This section displays these results for all configured frames:

  • Transmitted OFDM grid containing SRS

  • Perfect and practical channel estimates, and channel estimation error. The error is calculated as the absolute value of the difference between the perfect and practical channel estimates.

  • Selected PMI using perfect and practical channel estimates, and the PMI absolute error.

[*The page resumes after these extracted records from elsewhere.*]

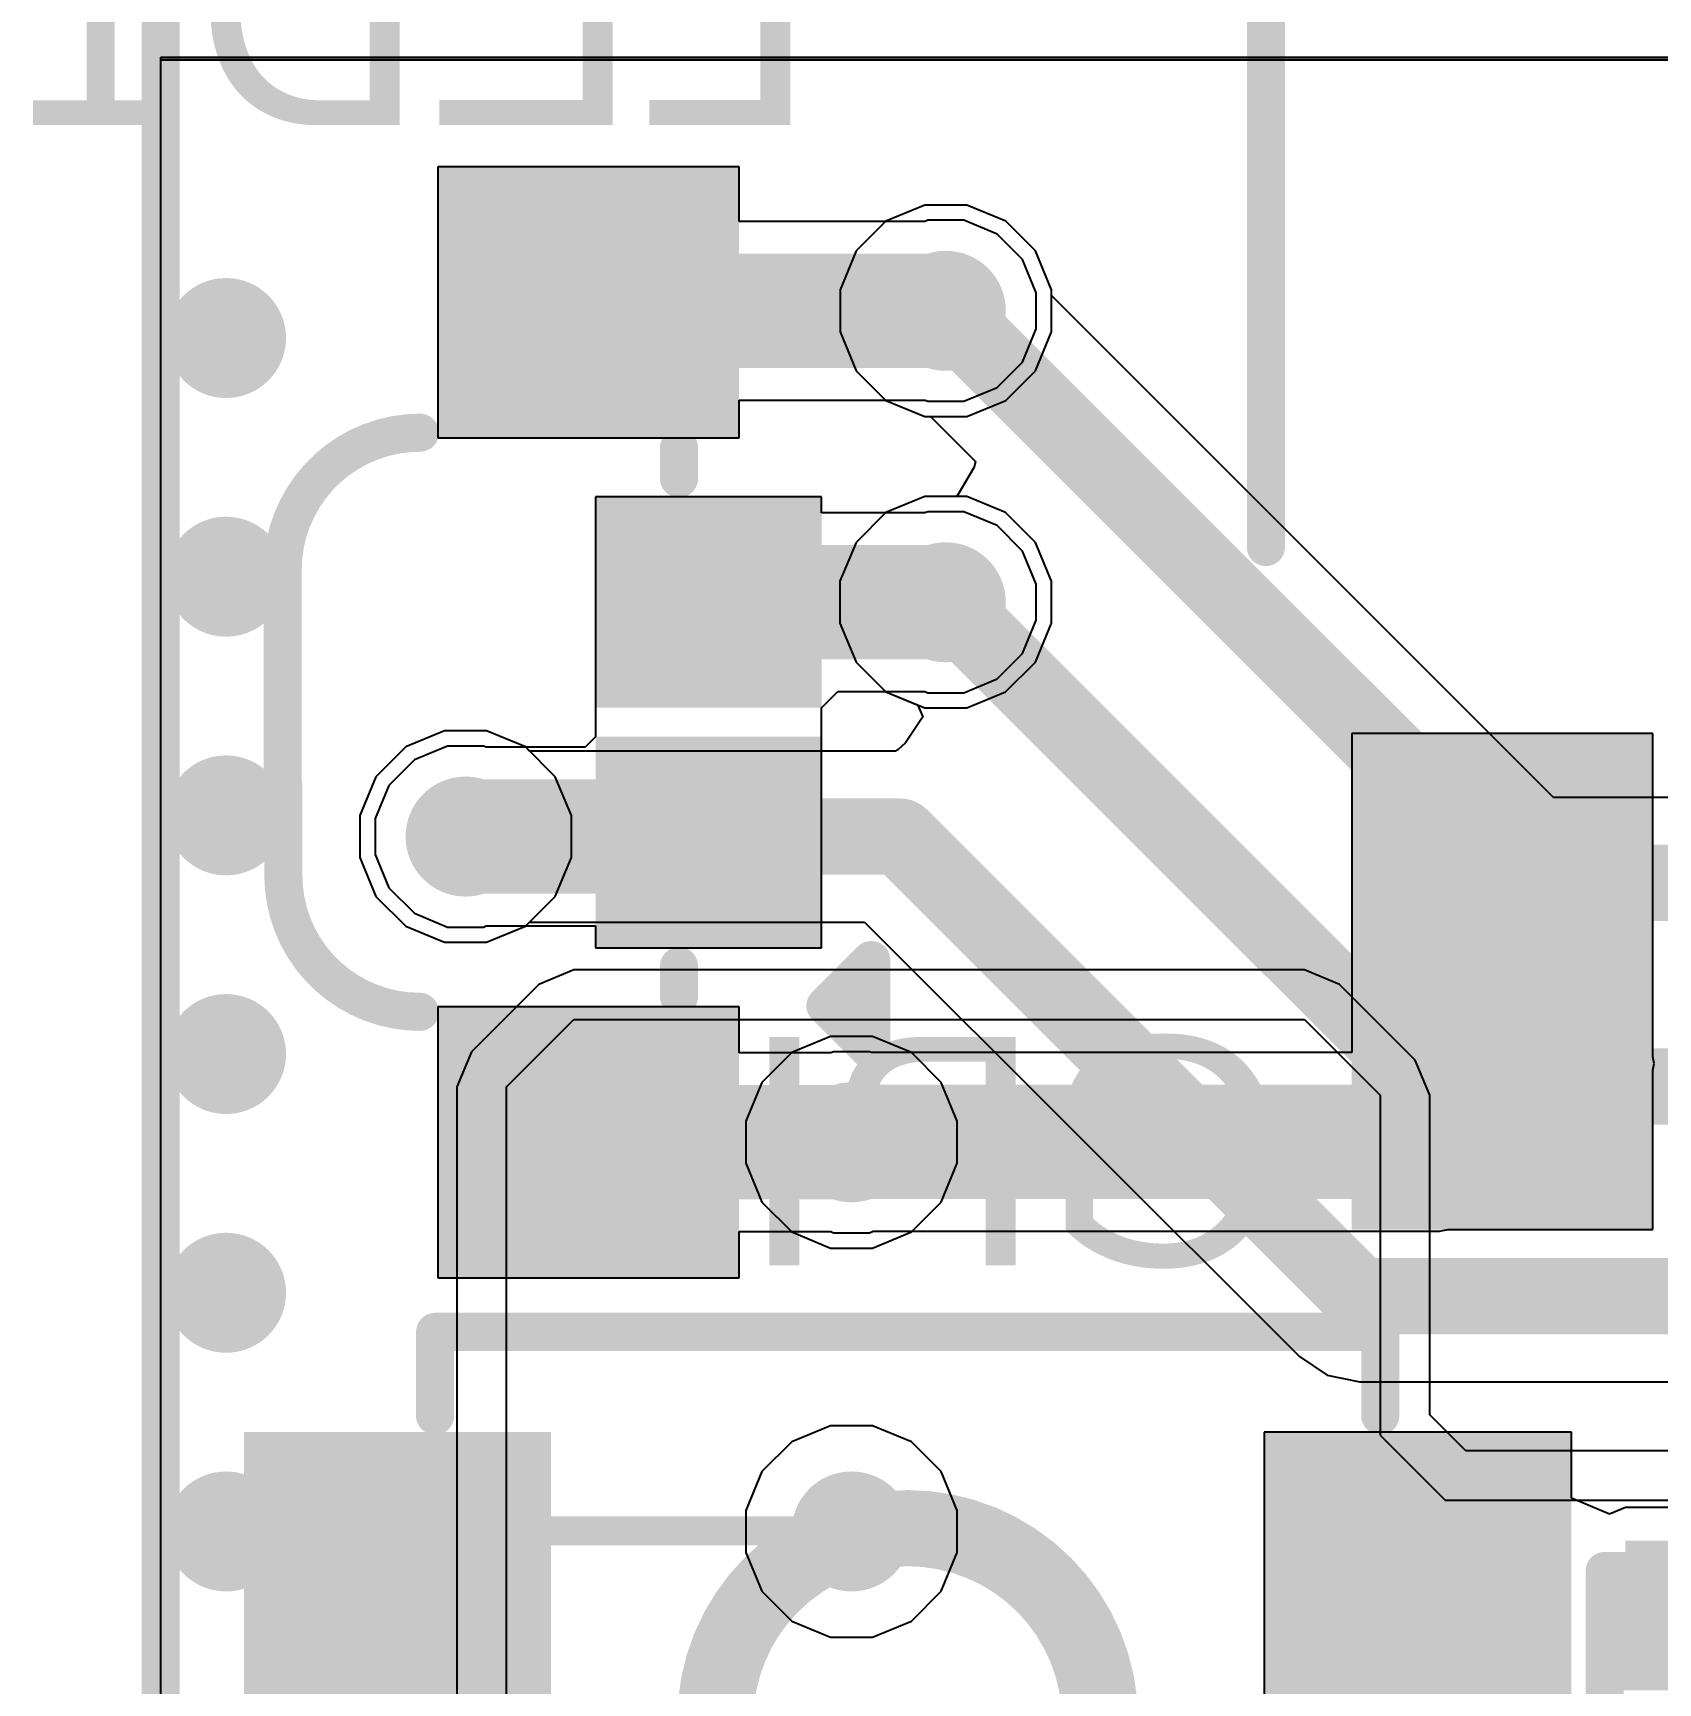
# Model space of a CAD drawing. Header units: millimetres. Extents: x -6 to 110, y 0 to 86.
# Drawn here: x -0.43 to 4.99, y 21.16 to 26.66 of the extents above; entities that cross this region are included whole.
import ezdxf

# ---------------------------------------------------------------- set-up
doc = ezdxf.new("R2010")
doc.units = ezdxf.units.MM
for name, color, linetype in [('BottomLayer', 5, 'Continuous'), ('BottomOverlay', 54, 'Continuous'), ('BottomPaste', 16, 'Continuous'), ('BottomSolder', 6, 'Continuous'), ('Mechanical2', 216, 'Continuous'), ('MidLayer1', 16, 'Continuous'), ('MidLayer2', 76, 'Continuous'), ('TopLayer', 1, 'Continuous'), ('ViaHoleLayer', 16, 'Continuous')]:
    doc.layers.add(name, color=color, linetype=linetype)
doc.styles.add('Arial', font='', dxfattribs={"height": 0.2})
doc.styles.get('Arial').set_extended_font_data('Arial')

# ---------------------------------------------------------------- blocks, each defined once
blk = doc.blocks.new('SOP_4_2_54_B_36')
at = {"layer": 'BottomLayer'}
blk.add_hatch(color=5, dxfattribs=at).paths.add_polyline_path([(2.4, -0.87), (3.85, -0.87), (3.85, -1.67), (2.4, -1.67)])
at = {"layer": 'BottomPaste'}
blk.add_hatch(color=16, dxfattribs=at).paths.add_polyline_path([(2.4, -0.87), (3.85, -0.87), (3.85, -1.67), (2.4, -1.67)])
at = {"layer": 'BottomSolder'}
blk.add_hatch(color=6, dxfattribs=at).paths.add_polyline_path([(2.2984, -0.7684), (3.9516, -0.7684), (3.9516, -1.7716), (2.2984, -1.7716)])
at = {"layer": 'BottomOverlay', "const_width": 0.127}
blk.add_lwpolyline([(1.6764, -2.0574), (-1.3208, -2.0574)], dxfattribs=at)
at = {"layer": 'BottomOverlay', "const_width": 0.0635}
blk.add_lwpolyline([(1.6446, -2.0574, 1), (1.7082, -2.0574, 1)], format="xyb", close=True, dxfattribs=at)
blk = doc.blocks.new('B3U_1000P_B_38')
at = {"layer": 'BottomLayer'}
for points in [[(-2.11, 0.86), (-1.29, 0.86), (-1.29, -0.86), (-2.11, -0.86)], [(1.29, 0.86), (2.11, 0.86), (2.11, -0.86), (1.29, -0.86)]]:
    blk.add_hatch(color=5, dxfattribs=at).paths.add_polyline_path(points)
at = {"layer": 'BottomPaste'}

  • Average SINR per subband after precoding with best estimated PMI

  • SINR performance loss

% Create x-axis and y-axis vectors
symbols = 0:(ue.NSlot+1)*ue.SymbolsPerSlot-1;
slots = 0:ue.NSlot;
subcarriers = 1:ue.NSizeGrid*12;
resourceBlocks = 1:ue.NSizeGrid;

Display the transmitted OFDM grid containing SRS

figure
imagesc(symbols,subcarriers,abs(allTxGrid(:,:,1,1)));
xlabel('OFDM symbol'); ylabel('Subcarrier'); axis xy;
title('Transmitted SRS (port 1)');

Display perfect and practical channel estimates, and channel estimation error per slot and RB. The channel estimation error is defined as the absolute value of the difference between the perfect and practical channel estimates.

% Remove first OFDM symbols not containing SRS to improve visualization of
% channel estimation error
hEstInterp = allHestInterp;
idx = 1:(srs.SRSPeriod(2)*ue.SymbolsPerSlot + srs.SymbolStart);
hEstInterp(:,idx,:,:) = NaN;
hEstInterp((srs.NRB*12+1):end,:,:,:) = NaN;

hChannelEstimationPlot(symbols,subcarriers,allHestPerfect,hEstInterp);

Display the selected PMI using perfect and practical channel estimates, and the PMI selection SINR loss per slot and RB. The SINR loss is defined as a ratio of the SINR after precoding with estimated and perfect PMIs. Estimated PMIs are obtained using a practical channel estimate and perfect PMIs are selected using a perfect channel estimate.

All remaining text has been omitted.